The leading French chemicals company, Arkema is active in more than 40 countries and employs some 14,000 people. In 2010, the company turned over €5.9 billion. Arkema is focused on innovation, using its eight research centres to produce new solutions to help clients tackle such challenges as climate change, access to drinking water and future energy sources.
Facing a major upgrade of its workstations from Microsoft Windows 2000 to Windows 7, Arkema wanted to minimise the administrative impact and to ensure that all applications would continue to function as expected. The built-in backwards compatibility function—Windows XP Mode—was not a viable option as it could not be managed and was therefore seen as more of a consumer solution than a corporate one. The company also wanted to avoid potential middleware conflicts, for example, so that it could run multiple different versions of the Java runtime environment on the same machine.
To meet both requirements, the company planned to virtualise its applications so that they would run isolated from other applications in 'capsules'. The challenge was to find a cost-effective virtualisation tool that would enable the simple, rapid packaging of applications ready for delivery to workstations. Looking beyond the upgrade project, Arkema planned to standardise on virtualisation as its approach to application delivery, so the company needed a strategic tool that would fit well with the rest of its infrastructure.
Arkema considered a variety of solutions, including offerings from our company, VMware and Microsoft, then decided to run a head-to-head comparison of the our company and VMware solutions.
"The two offerings were functionally similar, but we felt that Application Virtualization had the edge in terms of its capabilities," said Jean-Marc Bertrand, Workstation Infrastructure Manager at Arkema. "Equally, the Novell (now a part Micro Focus) solution is a more polished and user-friendly solution—we felt that the VMware option would have required more customisation."
Arkema worked with Soluprest, a partner, to rapidly deploy the new solution. To date, Arkema has virtualised seven of its most widely used applications, packaging them as .msi files ready for automated deployment.
"Our initial focus was to virtualise the applications that would otherwise not run on Windows 7," said Bertrand. "Looking to the future, our default installation method could include using Application Virtualization. One of the advantages of the solution is that it doesn't force us to adopt new ways of working: we can continue to use our existing software distribution tool to deliver the .msi packages to workstations."

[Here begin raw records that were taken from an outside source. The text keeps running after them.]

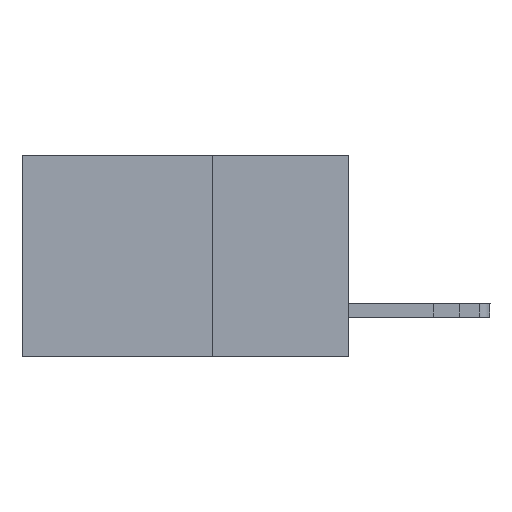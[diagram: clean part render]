
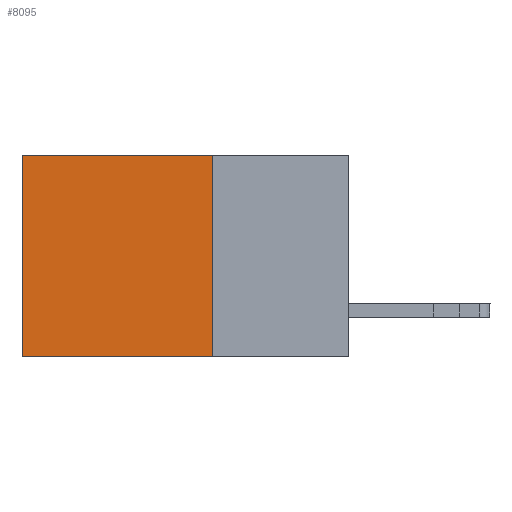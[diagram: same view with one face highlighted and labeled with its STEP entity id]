
A CAD part, left-side view. The second image highlights one B-rep face of the part: STEP entity #8095.
In plain terms, the highlighted planar face has unit normal (-1, 0, 0).
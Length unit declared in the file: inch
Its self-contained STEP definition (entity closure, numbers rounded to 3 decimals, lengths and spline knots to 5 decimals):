
#163 = ORIENTED_EDGE ( 'NONE', *, *, #3034, .T. ) ;
#212 = FACE_OUTER_BOUND ( 'NONE', #3570, .T. ) ;
#260 = DIRECTION ( 'NONE',  ( 0., 0., -1. ) ) ;
#276 = CARTESIAN_POINT ( 'NONE',  ( 0.2615, 0.6, -0.37 ) ) ;
#654 = CARTESIAN_POINT ( 'NONE',  ( 0.2615, 0.25, -0.37 ) ) ;
#827 = AXIS2_PLACEMENT_3D ( 'NONE', #4087, #7153, #260 ) ;
#979 = VECTOR ( 'NONE', #2206, 39.37008 ) ;
#1283 = CARTESIAN_POINT ( 'NONE',  ( 0.2615, 0.6, 0. ) ) ;
#2206 = DIRECTION ( 'NONE',  ( 0., 1., 0. ) ) ;
#2776 = LINE ( 'NONE', #5771, #5229 ) ;
#3034 = EDGE_CURVE ( 'NONE', #6267, #7892, #3736, .T. ) ;
#3464 = EDGE_CURVE ( 'NONE', #4341, #6267, #8942, .T. ) ;
#3570 = EDGE_LOOP ( 'NONE', ( #163, #8948, #7980, #6742 ) ) ;
#3736 = LINE ( 'NONE', #6739, #4541 ) ;
#3876 = CARTESIAN_POINT ( 'NONE',  ( 0.2615, 0.25, 0. ) ) ;
#4055 = DIRECTION ( 'NONE',  ( 0., 0., -1. ) ) ;
#4087 = CARTESIAN_POINT ( 'NONE',  ( 0.2615, 0.25, -0.37 ) ) ;
#4341 = VERTEX_POINT ( 'NONE', #3876 ) ;
#4541 = VECTOR ( 'NONE', #4055, 39.37008 ) ;
#4771 = LINE ( 'NONE', #6304, #7697 ) ;
#5229 = VECTOR ( 'NONE', #5877, 39.37008 ) ;
#5258 = CARTESIAN_POINT ( 'NONE',  ( 0.2615, 0.25, 0. ) ) ;
#5755 = EDGE_CURVE ( 'NONE', #4341, #8250, #4771, .T. ) ;
#5771 = CARTESIAN_POINT ( 'NONE',  ( 0.2615, 0.25, -0.37 ) ) ;
#5877 = DIRECTION ( 'NONE',  ( 0., 1., 0. ) ) ;
#6267 = VERTEX_POINT ( 'NONE', #1283 ) ;
#6304 = CARTESIAN_POINT ( 'NONE',  ( 0.2615, 0.25, -0.37 ) ) ;
#6739 = CARTESIAN_POINT ( 'NONE',  ( 0.2615, 0.6, -0.37 ) ) ;
#6742 = ORIENTED_EDGE ( 'NONE', *, *, #3464, .T. ) ;
#7153 = DIRECTION ( 'NONE',  ( 1., 0., 0. ) ) ;
#7201 = EDGE_CURVE ( 'NONE', #8250, #7892, #2776, .T. ) ;
#7697 = VECTOR ( 'NONE', #7726, 39.37008 ) ;
#7726 = DIRECTION ( 'NONE',  ( 0., 0., -1. ) ) ;
#7787 = PLANE ( 'NONE',  #827 ) ;
#7892 = VERTEX_POINT ( 'NONE', #276 ) ;
#7980 = ORIENTED_EDGE ( 'NONE', *, *, #5755, .F. ) ;
#8095 = ADVANCED_FACE ( 'NONE', ( #212 ), #7787, .F. ) ;
#8250 = VERTEX_POINT ( 'NONE', #654 ) ;
#8942 = LINE ( 'NONE', #5258, #979 ) ;
#8948 = ORIENTED_EDGE ( 'NONE', *, *, #7201, .F. ) ;
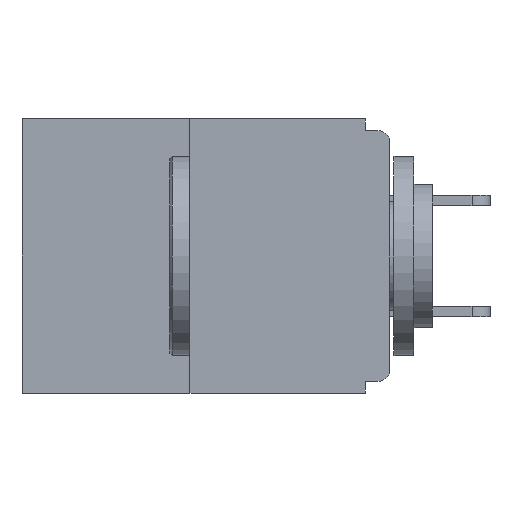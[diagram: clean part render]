
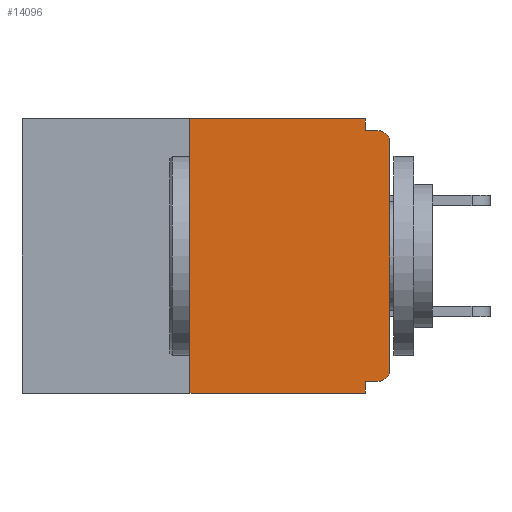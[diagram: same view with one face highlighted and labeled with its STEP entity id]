
A CAD part, left-side view. The second image highlights one B-rep face of the part: STEP entity #14096.
In plain terms, the highlighted planar face has unit normal (-1, 0, 0).
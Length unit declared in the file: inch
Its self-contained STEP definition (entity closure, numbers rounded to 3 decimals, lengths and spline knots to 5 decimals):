
#200 = AXIS2_PLACEMENT_3D ( 'NONE', #4962, #18213, #21919 ) ;
#429 = ORIENTED_EDGE ( 'NONE', *, *, #8684, .T. ) ;
#569 = VECTOR ( 'NONE', #23364, 39.37008 ) ;
#644 = CARTESIAN_POINT ( 'NONE',  ( 0., 0.46, 0. ) ) ;
#910 = EDGE_CURVE ( 'NONE', #8779, #18372, #22051, .T. ) ;
#1003 = CARTESIAN_POINT ( 'NONE',  ( 0., 0.25, -0.343 ) ) ;
#1133 = CARTESIAN_POINT ( 'NONE',  ( 0., 0.031, -0.015 ) ) ;
#1558 = VERTEX_POINT ( 'NONE', #14828 ) ;
#1944 = CARTESIAN_POINT ( 'NONE',  ( 0., 0., 0. ) ) ;
#2402 = DIRECTION ( 'NONE',  ( 0., 1., 0. ) ) ;
#2957 = ORIENTED_EDGE ( 'NONE', *, *, #20868, .F. ) ;
#3702 = CARTESIAN_POINT ( 'NONE',  ( 0., 0.031, -0.328 ) ) ;
#3991 = EDGE_CURVE ( 'NONE', #8779, #19881, #6571, .T. ) ;
#4086 = CARTESIAN_POINT ( 'NONE',  ( 0., 0., -0.313 ) ) ;
#4309 = VECTOR ( 'NONE', #14526, 39.37008 ) ;
#4962 = CARTESIAN_POINT ( 'NONE',  ( 0., 0.015, -0.03 ) ) ;
#4965 = AXIS2_PLACEMENT_3D ( 'NONE', #644, #21371, #10132 ) ;
#5134 = DIRECTION ( 'NONE',  ( 0., 0., 1. ) ) ;
#5207 = ORIENTED_EDGE ( 'NONE', *, *, #16014, .F. ) ;
#5242 = VECTOR ( 'NONE', #2402, 39.37008 ) ;
#6384 = ORIENTED_EDGE ( 'NONE', *, *, #22681, .F. ) ;
#6426 = VECTOR ( 'NONE', #10370, 39.37008 ) ;
#6571 = CIRCLE ( 'NONE', #14593, 0.015 ) ;
#7063 = CARTESIAN_POINT ( 'NONE',  ( 0., 0.015, -0.015 ) ) ;
#7090 = ORIENTED_EDGE ( 'NONE', *, *, #11852, .F. ) ;
#7116 = DIRECTION ( 'NONE',  ( -1., 0., 0. ) ) ;
#7292 = ORIENTED_EDGE ( 'NONE', *, *, #20782, .T. ) ;
#7558 = CIRCLE ( 'NONE', #200, 0.015 ) ;
#7584 = DIRECTION ( 'NONE',  ( 0., 0., -1. ) ) ;
#7634 = LINE ( 'NONE', #23216, #6426 ) ;
#8293 = CARTESIAN_POINT ( 'NONE',  ( 0., 0., -0.015 ) ) ;
#8684 = EDGE_CURVE ( 'NONE', #14884, #1558, #22412, .T. ) ;
#8703 = EDGE_LOOP ( 'NONE', ( #5207, #2957, #429, #7090, #17220, #10745, #12104, #7292, #13804, #6384 ) ) ;
#8779 = VERTEX_POINT ( 'NONE', #20217 ) ;
#10132 = DIRECTION ( 'NONE',  ( 0., 0., -1. ) ) ;
#10370 = DIRECTION ( 'NONE',  ( 0., -1., 0. ) ) ;
#10675 = VECTOR ( 'NONE', #7584, 39.37008 ) ;
#10745 = ORIENTED_EDGE ( 'NONE', *, *, #3991, .T. ) ;
#10865 = DIRECTION ( 'NONE',  ( 0., 0., -1. ) ) ;
#11852 = EDGE_CURVE ( 'NONE', #18372, #1558, #21078, .T. ) ;
#11953 = LINE ( 'NONE', #14765, #18170 ) ;
#12104 = ORIENTED_EDGE ( 'NONE', *, *, #13363, .T. ) ;
#12768 = CARTESIAN_POINT ( 'NONE',  ( 0., 0.015, -0.313 ) ) ;
#13363 = EDGE_CURVE ( 'NONE', #19881, #23606, #16282, .T. ) ;
#13684 = LINE ( 'NONE', #20837, #10675 ) ;
#13804 = ORIENTED_EDGE ( 'NONE', *, *, #19652, .F. ) ;
#14096 = ADVANCED_FACE ( 'NONE', ( #14501 ), #23200, .F. ) ;
#14501 = FACE_OUTER_BOUND ( 'NONE', #8703, .T. ) ;
#14526 = DIRECTION ( 'NONE',  ( 0., 0., -1. ) ) ;
#14593 = AXIS2_PLACEMENT_3D ( 'NONE', #12768, #7116, #10865 ) ;
#14747 = CARTESIAN_POINT ( 'NONE',  ( 0., 0., -0.328 ) ) ;
#14765 = CARTESIAN_POINT ( 'NONE',  ( 0., 0.25, 0. ) ) ;
#14828 = CARTESIAN_POINT ( 'NONE',  ( 0., 0.031, -0.343 ) ) ;
#14884 = VERTEX_POINT ( 'NONE', #1003 ) ;
#15099 = DIRECTION ( 'NONE',  ( 0., 0., 1. ) ) ;
#15644 = VECTOR ( 'NONE', #23609, 39.37008 ) ;
#15859 = VERTEX_POINT ( 'NONE', #16068 ) ;
#16014 = EDGE_CURVE ( 'NONE', #15859, #16614, #7634, .T. ) ;
#16068 = CARTESIAN_POINT ( 'NONE',  ( 0., 0.25, 0. ) ) ;
#16160 = CARTESIAN_POINT ( 'NONE',  ( 0., 0., -0.03 ) ) ;
#16282 = LINE ( 'NONE', #1944, #17804 ) ;
#16432 = LINE ( 'NONE', #8293, #569 ) ;
#16614 = VERTEX_POINT ( 'NONE', #18007 ) ;
#17220 = ORIENTED_EDGE ( 'NONE', *, *, #910, .F. ) ;
#17804 = VECTOR ( 'NONE', #15099, 39.37008 ) ;
#18007 = CARTESIAN_POINT ( 'NONE',  ( 0., 0.031, 0. ) ) ;
#18122 = CARTESIAN_POINT ( 'NONE',  ( 0., 0.46, -0.343 ) ) ;
#18170 = VECTOR ( 'NONE', #5134, 39.37008 ) ;
#18209 = VERTEX_POINT ( 'NONE', #7063 ) ;
#18213 = DIRECTION ( 'NONE',  ( -1., 0., 0. ) ) ;
#18316 = CARTESIAN_POINT ( 'NONE',  ( 0., 0.031, -0.343 ) ) ;
#18372 = VERTEX_POINT ( 'NONE', #3702 ) ;
#19652 = EDGE_CURVE ( 'NONE', #23460, #18209, #16432, .T. ) ;
#19881 = VERTEX_POINT ( 'NONE', #4086 ) ;
#20217 = CARTESIAN_POINT ( 'NONE',  ( 0., 0.015, -0.328 ) ) ;
#20782 = EDGE_CURVE ( 'NONE', #23606, #18209, #7558, .T. ) ;
#20837 = CARTESIAN_POINT ( 'NONE',  ( 0., 0.031, 0. ) ) ;
#20868 = EDGE_CURVE ( 'NONE', #14884, #15859, #11953, .T. ) ;
#21078 = LINE ( 'NONE', #18316, #4309 ) ;
#21371 = DIRECTION ( 'NONE',  ( 1., 0., 0. ) ) ;
#21919 = DIRECTION ( 'NONE',  ( 0., 0., -1. ) ) ;
#22051 = LINE ( 'NONE', #14747, #5242 ) ;
#22412 = LINE ( 'NONE', #18122, #15644 ) ;
#22681 = EDGE_CURVE ( 'NONE', #16614, #23460, #13684, .T. ) ;
#23200 = PLANE ( 'NONE',  #4965 ) ;
#23216 = CARTESIAN_POINT ( 'NONE',  ( 0., 0.46, 0. ) ) ;
#23364 = DIRECTION ( 'NONE',  ( 0., -1., 0. ) ) ;
#23460 = VERTEX_POINT ( 'NONE', #1133 ) ;
#23606 = VERTEX_POINT ( 'NONE', #16160 ) ;
#23609 = DIRECTION ( 'NONE',  ( 0., -1., 0. ) ) ;
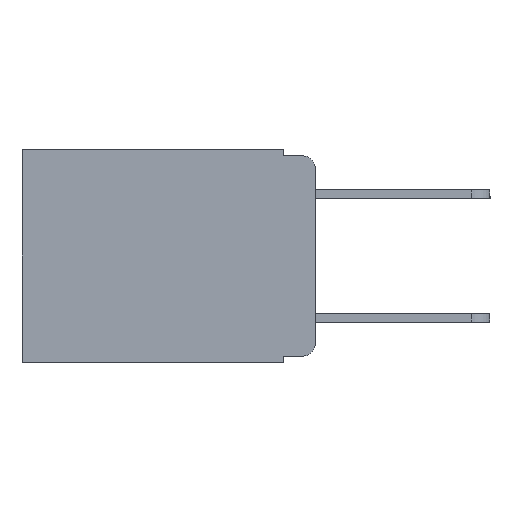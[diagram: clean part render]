
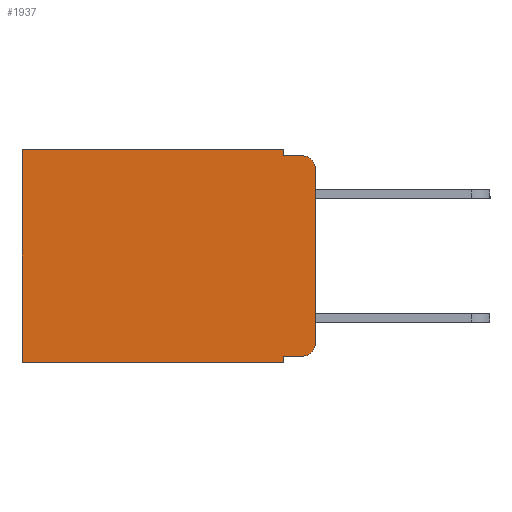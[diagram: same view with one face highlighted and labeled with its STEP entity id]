
A CAD part, left-side view. The second image highlights one B-rep face of the part: STEP entity #1937.
In plain terms, the highlighted planar face has unit normal (-1, 0, 0).
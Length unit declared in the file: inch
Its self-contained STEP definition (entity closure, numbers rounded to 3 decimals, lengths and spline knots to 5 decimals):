
#124 = ORIENTED_EDGE ( 'NONE', *, *, #13867, .F. ) ;
#246 = LINE ( 'NONE', #14976, #15417 ) ;
#287 = VERTEX_POINT ( 'NONE', #9703 ) ;
#296 = CARTESIAN_POINT ( 'NONE',  ( 0.298, 0., 0. ) ) ;
#302 = VECTOR ( 'NONE', #3346, 39.37008 ) ;
#340 = ORIENTED_EDGE ( 'NONE', *, *, #11529, .T. ) ;
#477 = CIRCLE ( 'NONE', #1756, 0.02 ) ;
#479 = CARTESIAN_POINT ( 'NONE',  ( 0.298, 0.051, 0. ) ) ;
#530 = ORIENTED_EDGE ( 'NONE', *, *, #15635, .T. ) ;
#671 = VECTOR ( 'NONE', #8203, 39.37008 ) ;
#840 = LINE ( 'NONE', #15321, #15509 ) ;
#1018 = EDGE_CURVE ( 'NONE', #14783, #12434, #7373, .T. ) ;
#1186 = LINE ( 'NONE', #11078, #671 ) ;
#1756 = AXIS2_PLACEMENT_3D ( 'NONE', #16679, #8577, #17957 ) ;
#1937 = ADVANCED_FACE ( 'NONE', ( #11599 ), #5396, .F. ) ;
#1992 = VERTEX_POINT ( 'NONE', #10887 ) ;
#2274 = AXIS2_PLACEMENT_3D ( 'NONE', #296, #14544, #14567 ) ;
#2581 = EDGE_LOOP ( 'NONE', ( #10914, #340, #12586, #12992, #9361, #10930, #4998, #124, #530, #17953 ) ) ;
#3069 = VERTEX_POINT ( 'NONE', #16762 ) ;
#3095 = DIRECTION ( 'NONE',  ( 0., 1., 0. ) ) ;
#3148 = EDGE_CURVE ( 'NONE', #3069, #287, #840, .T. ) ;
#3346 = DIRECTION ( 'NONE',  ( 0., -1., 0. ) ) ;
#3747 = VERTEX_POINT ( 'NONE', #14176 ) ;
#3970 = VECTOR ( 'NONE', #9309, 39.37008 ) ;
#4381 = LINE ( 'NONE', #7604, #302 ) ;
#4489 = CARTESIAN_POINT ( 'NONE',  ( 0.298, 0.473, 0. ) ) ;
#4853 = DIRECTION ( 'NONE',  ( 0., 0., -1. ) ) ;
#4998 = ORIENTED_EDGE ( 'NONE', *, *, #3148, .F. ) ;
#5302 = VECTOR ( 'NONE', #18084, 39.37008 ) ;
#5396 = PLANE ( 'NONE',  #2274 ) ;
#5784 = EDGE_CURVE ( 'NONE', #11916, #12434, #246, .T. ) ;
#5964 = VERTEX_POINT ( 'NONE', #14609 ) ;
#6734 = VERTEX_POINT ( 'NONE', #4489 ) ;
#6922 = EDGE_CURVE ( 'NONE', #3747, #6734, #16805, .T. ) ;
#7373 = CIRCLE ( 'NONE', #18177, 0.02 ) ;
#7604 = CARTESIAN_POINT ( 'NONE',  ( 0.298, 0.051, -0.333 ) ) ;
#7691 = DIRECTION ( 'NONE',  ( 0., 0., -1. ) ) ;
#7927 = VERTEX_POINT ( 'NONE', #15111 ) ;
#8138 = CARTESIAN_POINT ( 'NONE',  ( 0.298, 0., -0.313 ) ) ;
#8203 = DIRECTION ( 'NONE',  ( 0., -1., 0. ) ) ;
#8222 = CARTESIAN_POINT ( 'NONE',  ( 0.298, 0., -0.03 ) ) ;
#8577 = DIRECTION ( 'NONE',  ( -1., 0., 0. ) ) ;
#9309 = DIRECTION ( 'NONE',  ( 0., 0., -1. ) ) ;
#9361 = ORIENTED_EDGE ( 'NONE', *, *, #6922, .T. ) ;
#9703 = CARTESIAN_POINT ( 'NONE',  ( 0.298, 0.473, -0.343 ) ) ;
#10687 = CARTESIAN_POINT ( 'NONE',  ( 0.298, 0., 0. ) ) ;
#10751 = CARTESIAN_POINT ( 'NONE',  ( 0.298, 0.02, -0.313 ) ) ;
#10887 = CARTESIAN_POINT ( 'NONE',  ( 0.298, 0.051, -0.333 ) ) ;
#10914 = ORIENTED_EDGE ( 'NONE', *, *, #5784, .F. ) ;
#10930 = ORIENTED_EDGE ( 'NONE', *, *, #15051, .T. ) ;
#11078 = CARTESIAN_POINT ( 'NONE',  ( 0.298, 0.051, -0.01 ) ) ;
#11329 = VECTOR ( 'NONE', #7691, 39.37008 ) ;
#11529 = EDGE_CURVE ( 'NONE', #11916, #5964, #477, .T. ) ;
#11599 = FACE_OUTER_BOUND ( 'NONE', #2581, .T. ) ;
#11916 = VERTEX_POINT ( 'NONE', #8222 ) ;
#12040 = LINE ( 'NONE', #479, #3970 ) ;
#12434 = VERTEX_POINT ( 'NONE', #8138 ) ;
#12452 = EDGE_CURVE ( 'NONE', #7927, #5964, #1186, .T. ) ;
#12586 = ORIENTED_EDGE ( 'NONE', *, *, #12452, .F. ) ;
#12992 = ORIENTED_EDGE ( 'NONE', *, *, #14184, .F. ) ;
#13328 = VECTOR ( 'NONE', #17401, 39.37008 ) ;
#13867 = EDGE_CURVE ( 'NONE', #1992, #3069, #12040, .T. ) ;
#14176 = CARTESIAN_POINT ( 'NONE',  ( 0.298, 0.051, 0. ) ) ;
#14184 = EDGE_CURVE ( 'NONE', #3747, #7927, #16739, .T. ) ;
#14544 = DIRECTION ( 'NONE',  ( 1., 0., 0. ) ) ;
#14567 = DIRECTION ( 'NONE',  ( 0., 0., -1. ) ) ;
#14609 = CARTESIAN_POINT ( 'NONE',  ( 0.298, 0.02, -0.01 ) ) ;
#14783 = VERTEX_POINT ( 'NONE', #16656 ) ;
#14864 = LINE ( 'NONE', #15942, #11329 ) ;
#14976 = CARTESIAN_POINT ( 'NONE',  ( 0.298, 0., 0. ) ) ;
#14990 = DIRECTION ( 'NONE',  ( 0., 0., -1. ) ) ;
#15051 = EDGE_CURVE ( 'NONE', #6734, #287, #14864, .T. ) ;
#15111 = CARTESIAN_POINT ( 'NONE',  ( 0.298, 0.051, -0.01 ) ) ;
#15321 = CARTESIAN_POINT ( 'NONE',  ( 0.298, 0., -0.343 ) ) ;
#15417 = VECTOR ( 'NONE', #4853, 39.37008 ) ;
#15509 = VECTOR ( 'NONE', #3095, 39.37008 ) ;
#15635 = EDGE_CURVE ( 'NONE', #1992, #14783, #4381, .T. ) ;
#15942 = CARTESIAN_POINT ( 'NONE',  ( 0.298, 0.473, 0. ) ) ;
#16656 = CARTESIAN_POINT ( 'NONE',  ( 0.298, 0.02, -0.333 ) ) ;
#16679 = CARTESIAN_POINT ( 'NONE',  ( 0.298, 0.02, -0.03 ) ) ;
#16739 = LINE ( 'NONE', #18023, #5302 ) ;
#16762 = CARTESIAN_POINT ( 'NONE',  ( 0.298, 0.051, -0.343 ) ) ;
#16805 = LINE ( 'NONE', #10687, #13328 ) ;
#17401 = DIRECTION ( 'NONE',  ( 0., 1., 0. ) ) ;
#17953 = ORIENTED_EDGE ( 'NONE', *, *, #1018, .T. ) ;
#17957 = DIRECTION ( 'NONE',  ( 0., 0., -1. ) ) ;
#18023 = CARTESIAN_POINT ( 'NONE',  ( 0.298, 0.051, 0. ) ) ;
#18084 = DIRECTION ( 'NONE',  ( 0., 0., -1. ) ) ;
#18119 = DIRECTION ( 'NONE',  ( -1., 0., 0. ) ) ;
#18177 = AXIS2_PLACEMENT_3D ( 'NONE', #10751, #18119, #14990 ) ;

The virtualization solution has already helped Arkema to avoid additional software investments. The company wanted to stay on Microsoft Office 2003 for financial reasons, but some employees require functionality that is only available in more recent versions of Excel. For these users, Arkema has used Application Virtualization to package the more recent versions so that they run in isolation alongside the 2003 software.
"Application Virtualization makes it quick and easy to virtualise applications, and also enables us to set up communication between the virtual applications," said Bertrand. "The solution saves us considerable time in packaging and validation."
Even though Arkema already had a highly industrialised approach to workstation management, using automated tools to push out applications and updates over the network, the solution is saving time and effort.
"What used to take the most time was uninstalling old versions of software and dealing with the resulting problems," said Bertrand. "By virtualising applications so that they run in isolated capsules, the Novell (now a part of Micro Focus) solution eliminates this issue, enabling us to quickly deploy new applications with no concerns about instability for users. When we have fully adopted the solution, we estimate that we will save around 1,000 man-hours per year."
Arkema expects ultimately to virtualise between 80 and 90 percent of its 400 applications, prioritising them according to the number of users and importance to the business. The company will also use the software to ease the migration of its remaining workstations to Windows 7.
"Historically, we have manually installed any applications used on ten or fewer workstations, because it took too much time and effort to package them," said Bertrand. "Application Virtualization significantly accelerates the packaging process, which will make it economically viable to prepare more of our applications for automated deployment."